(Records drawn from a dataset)

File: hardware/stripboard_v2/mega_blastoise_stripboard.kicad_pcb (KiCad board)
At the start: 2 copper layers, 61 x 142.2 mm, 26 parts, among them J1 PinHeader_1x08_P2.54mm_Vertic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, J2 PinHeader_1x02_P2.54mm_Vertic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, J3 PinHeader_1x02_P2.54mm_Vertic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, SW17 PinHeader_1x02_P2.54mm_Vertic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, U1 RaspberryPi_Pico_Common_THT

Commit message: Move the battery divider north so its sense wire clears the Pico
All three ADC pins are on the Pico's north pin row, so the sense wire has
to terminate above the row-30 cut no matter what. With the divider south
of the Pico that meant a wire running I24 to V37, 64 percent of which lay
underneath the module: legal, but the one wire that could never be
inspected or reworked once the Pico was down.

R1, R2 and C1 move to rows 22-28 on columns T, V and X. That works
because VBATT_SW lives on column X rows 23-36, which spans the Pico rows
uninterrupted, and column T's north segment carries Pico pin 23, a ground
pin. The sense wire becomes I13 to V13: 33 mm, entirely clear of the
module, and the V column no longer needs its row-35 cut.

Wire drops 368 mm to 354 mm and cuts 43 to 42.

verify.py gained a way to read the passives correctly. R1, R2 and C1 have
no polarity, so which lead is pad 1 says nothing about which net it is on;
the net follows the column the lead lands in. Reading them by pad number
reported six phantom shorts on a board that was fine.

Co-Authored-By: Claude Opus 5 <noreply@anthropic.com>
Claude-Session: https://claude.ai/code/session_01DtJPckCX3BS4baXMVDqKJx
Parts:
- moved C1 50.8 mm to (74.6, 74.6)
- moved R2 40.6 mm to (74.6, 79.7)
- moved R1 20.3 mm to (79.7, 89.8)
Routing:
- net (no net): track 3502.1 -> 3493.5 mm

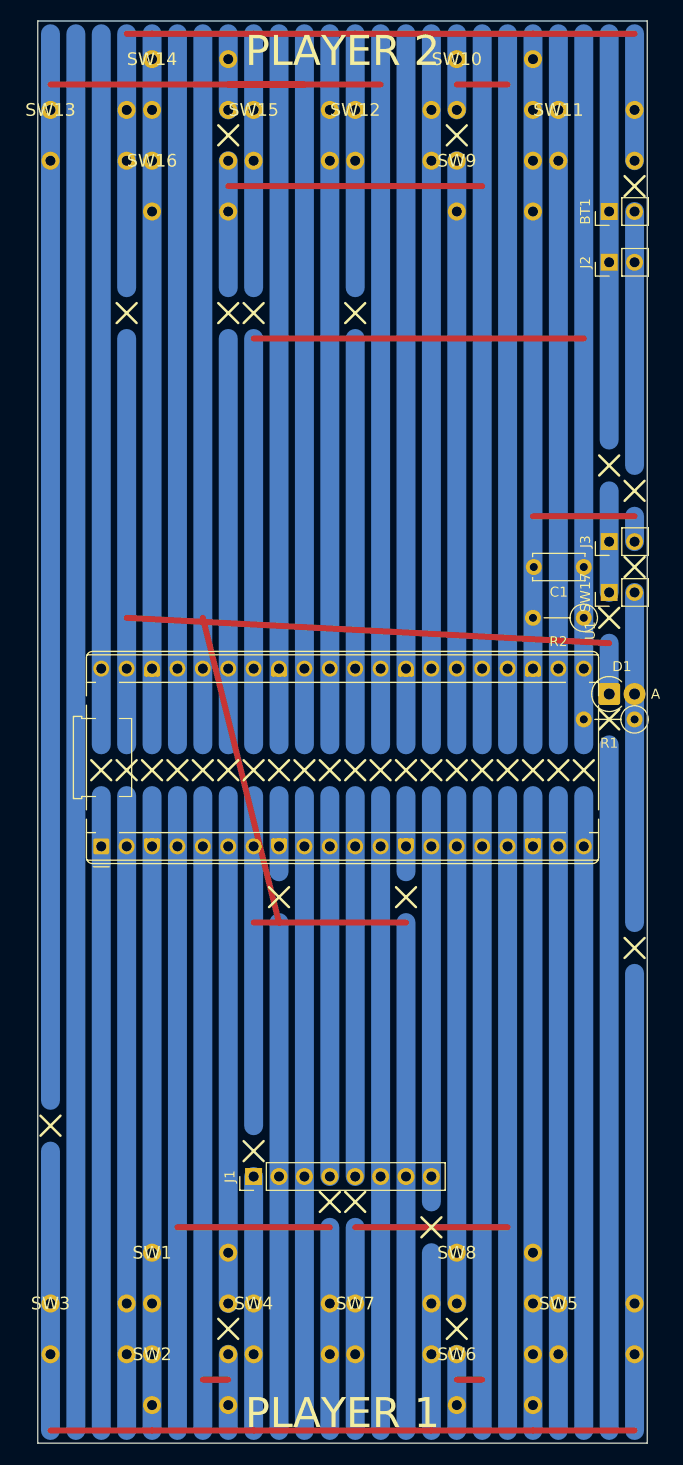
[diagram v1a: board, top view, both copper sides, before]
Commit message: Drop the Pico four rows so the power tail is not under it
R1's V-column lead sat inside the Pico's body footprint and D1 was hard
against its right edge, which meant two parts of the power tail could not
be reached once the module was soldered down. Moving the Pico from rows
26/33 to 30/37 (cut row 34) puts the whole tail above it: R1 clears by
3.5 mm, D1 by 6 mm, and everything else on W and X by more.

Two fences, J35 and O35, ended up between the new pin rows and moved to
39, below the module. Every wire hint was re-anchored to a pad rather
than a row, since after a move like this a stored row number no longer
names the segment it used to; the router then picked its own endpoints.

Wire length and cut count are unchanged at 354 mm and 42. The board is
otherwise the same: same pin map, same nets, same 26 parts.

Co-Authored-By: Claude Opus 5 <noreply@anthropic.com>
Claude-Session: https://claude.ai/code/session_01DtJPckCX3BS4baXMVDqKJx
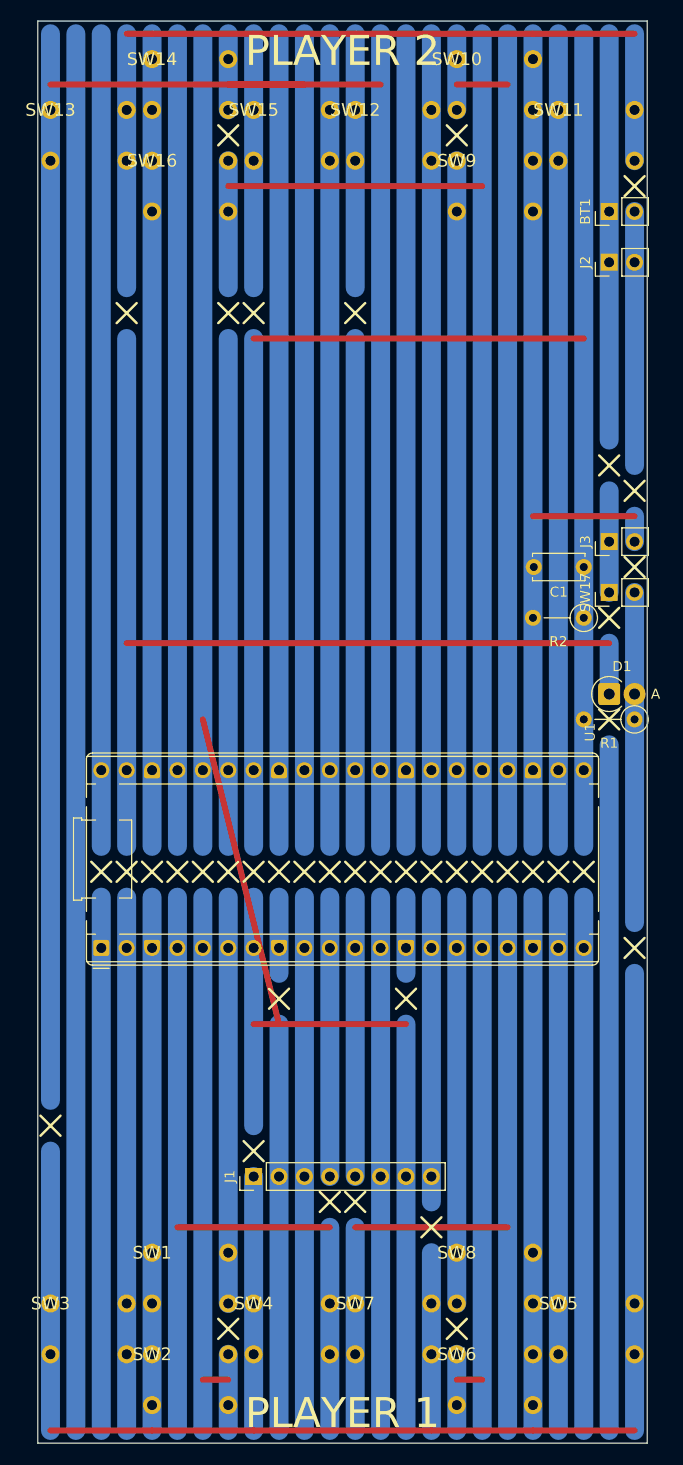
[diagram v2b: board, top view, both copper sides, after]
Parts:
- moved U1 10.2 mm to (26.4, 112.7)

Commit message: Keep GP16 off the battery sense tap
Column V carries both the divider tap and, at the Pico's upper pin row,
GP16. They were the same conductor, so GP16 sat directly on the node GP28
is trying to measure. Nothing would have been damaged, but firmware
driving GP16 as an output would have silently pinned the gauge to 3V3 or
to zero, and GP16 is listed as free for exactly that kind of use.

A cut at V28 separates them. R1 moves up two rows to V26/X26 so the cut
can sit two rows clear of the pin row, which is the rule the rest of the
fences follow.

Found while answering whether the charging caveat needed a rework. It did
not; this did.

Co-Authored-By: Claude Opus 5 <noreply@anthropic.com>
Claude-Session: https://claude.ai/code/session_01DtJPckCX3BS4baXMVDqKJx
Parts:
- moved R1 5.08 mm to (79.7, 84.8)
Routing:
- net (no net): track 3493.4 -> 3488.4 mm

# [EXERCISE INSTRUCTIONS]
Would you return all the data exactly as given, minus the pictures?

# [WRITTEN RESPONSE]
File: hardware/stripboard_v2/mega_blastoise_stripboard.kicad_pcb (KiCad board)
At the start: 2 copper layers, 61 x 142.2 mm, 26 parts, among them J1 PinHeader_1x08_P2.54mm_Vertic, J2 PinHeader_1x02_P2.54mm_Vertic, J3 PinHeader_1x02_P2.54mm_Vertic, SW17 PinHeader_1x02_P2.54mm_Vertic, U1 RaspberryPi_Pico_Common_THT

Commit message: Move the battery divider north so its sense wire clears the Pico
All three ADC pins are on the Pico's north pin row, so the sense wire has
to terminate above the row-30 cut no matter what. With the divider south
of the Pico that meant a wire running I24 to V37, 64 percent of which lay
underneath the module: legal, but the one wire that could never be
inspected or reworked once the Pico was down.

R1, R2 and C1 move to rows 22-28 on columns T, V and X. That works
because VBATT_SW lives on column X rows 23-36, which spans the Pico rows
uninterrupted, and column T's north segment carries Pico pin 23, a ground
pin. The sense wire becomes I13 to V13: 33 mm, entirely clear of the
module, and the V column no longer needs its row-35 cut.

Wire drops 368 mm to 354 mm and cuts 43 to 42.

verify.py gained a way to read the passives correctly. R1, R2 and C1 have
no polarity, so which lead is pad 1 says nothing about which net it is on;
the net follows the column the lead lands in. Reading them by pad number
reported six phantom shorts on a board that was fine.

Co-Authored-By: Claude Opus 5 <noreply@anthropic.com>
Claude-Session: https://claude.ai/code/session_01DtJPckCX3BS4baXMVDqKJx
Parts:
- moved C1 50.8 mm to (74.6, 74.6)
- moved R2 40.6 mm to (74.6, 79.7)
- moved R1 20.3 mm to (79.7, 89.8)
Routing:
- net (no net): track 3502.1 -> 3493.5 mm

[diagram v1a: board, top view, both copper sides, before]
Commit message: Drop the Pico four rows so the power tail is not under it
R1's V-column lead sat inside the Pico's body footprint and D1 was hard
against its right edge, which meant two parts of the power tail could not
be reached once the module was soldered down. Moving the Pico from rows
26/33 to 30/37 (cut row 34) puts the whole tail above it: R1 clears by
3.5 mm, D1 by 6 mm, and everything else on W and X by more.

Two fences, J35 and O35, ended up between the new pin rows and moved to
39, below the module. Every wire hint was re-anchored to a pad rather
than a row, since after a move like this a stored row number no longer
names the segment it used to; the router then picked its own endpoints.

Wire length and cut count are unchanged at 354 mm and 42. The board is
otherwise the same: same pin map, same nets, same 26 parts.

Co-Authored-By: Claude Opus 5 <noreply@anthropic.com>
Claude-Session: https://claude.ai/code/session_01DtJPckCX3BS4baXMVDqKJx
[diagram v2b: board, top view, both copper sides, after]
Parts:
- moved U1 10.2 mm to (26.4, 112.7)

Commit message: Keep GP16 off the battery sense tap
Column V carries both the divider tap and, at the Pico's upper pin row,
GP16. They were the same conductor, so GP16 sat directly on the node GP28
is trying to measure. Nothing would have been damaged, but firmware
driving GP16 as an output would have silently pinned the gauge to 3V3 or
to zero, and GP16 is listed as free for exactly that kind of use.

A cut at V28 separates them. R1 moves up two rows to V26/X26 so the cut
can sit two rows clear of the pin row, which is the rule the rest of the
fences follow.

Found while answering whether the charging caveat needed a rework. It did
not; this did.

Co-Authored-By: Claude Opus 5 <noreply@anthropic.com>
Claude-Session: https://claude.ai/code/session_01DtJPckCX3BS4baXMVDqKJx
Parts:
- moved R1 5.08 mm to (79.7, 84.8)
Routing:
- net (no net): track 3493.4 -> 3488.4 mm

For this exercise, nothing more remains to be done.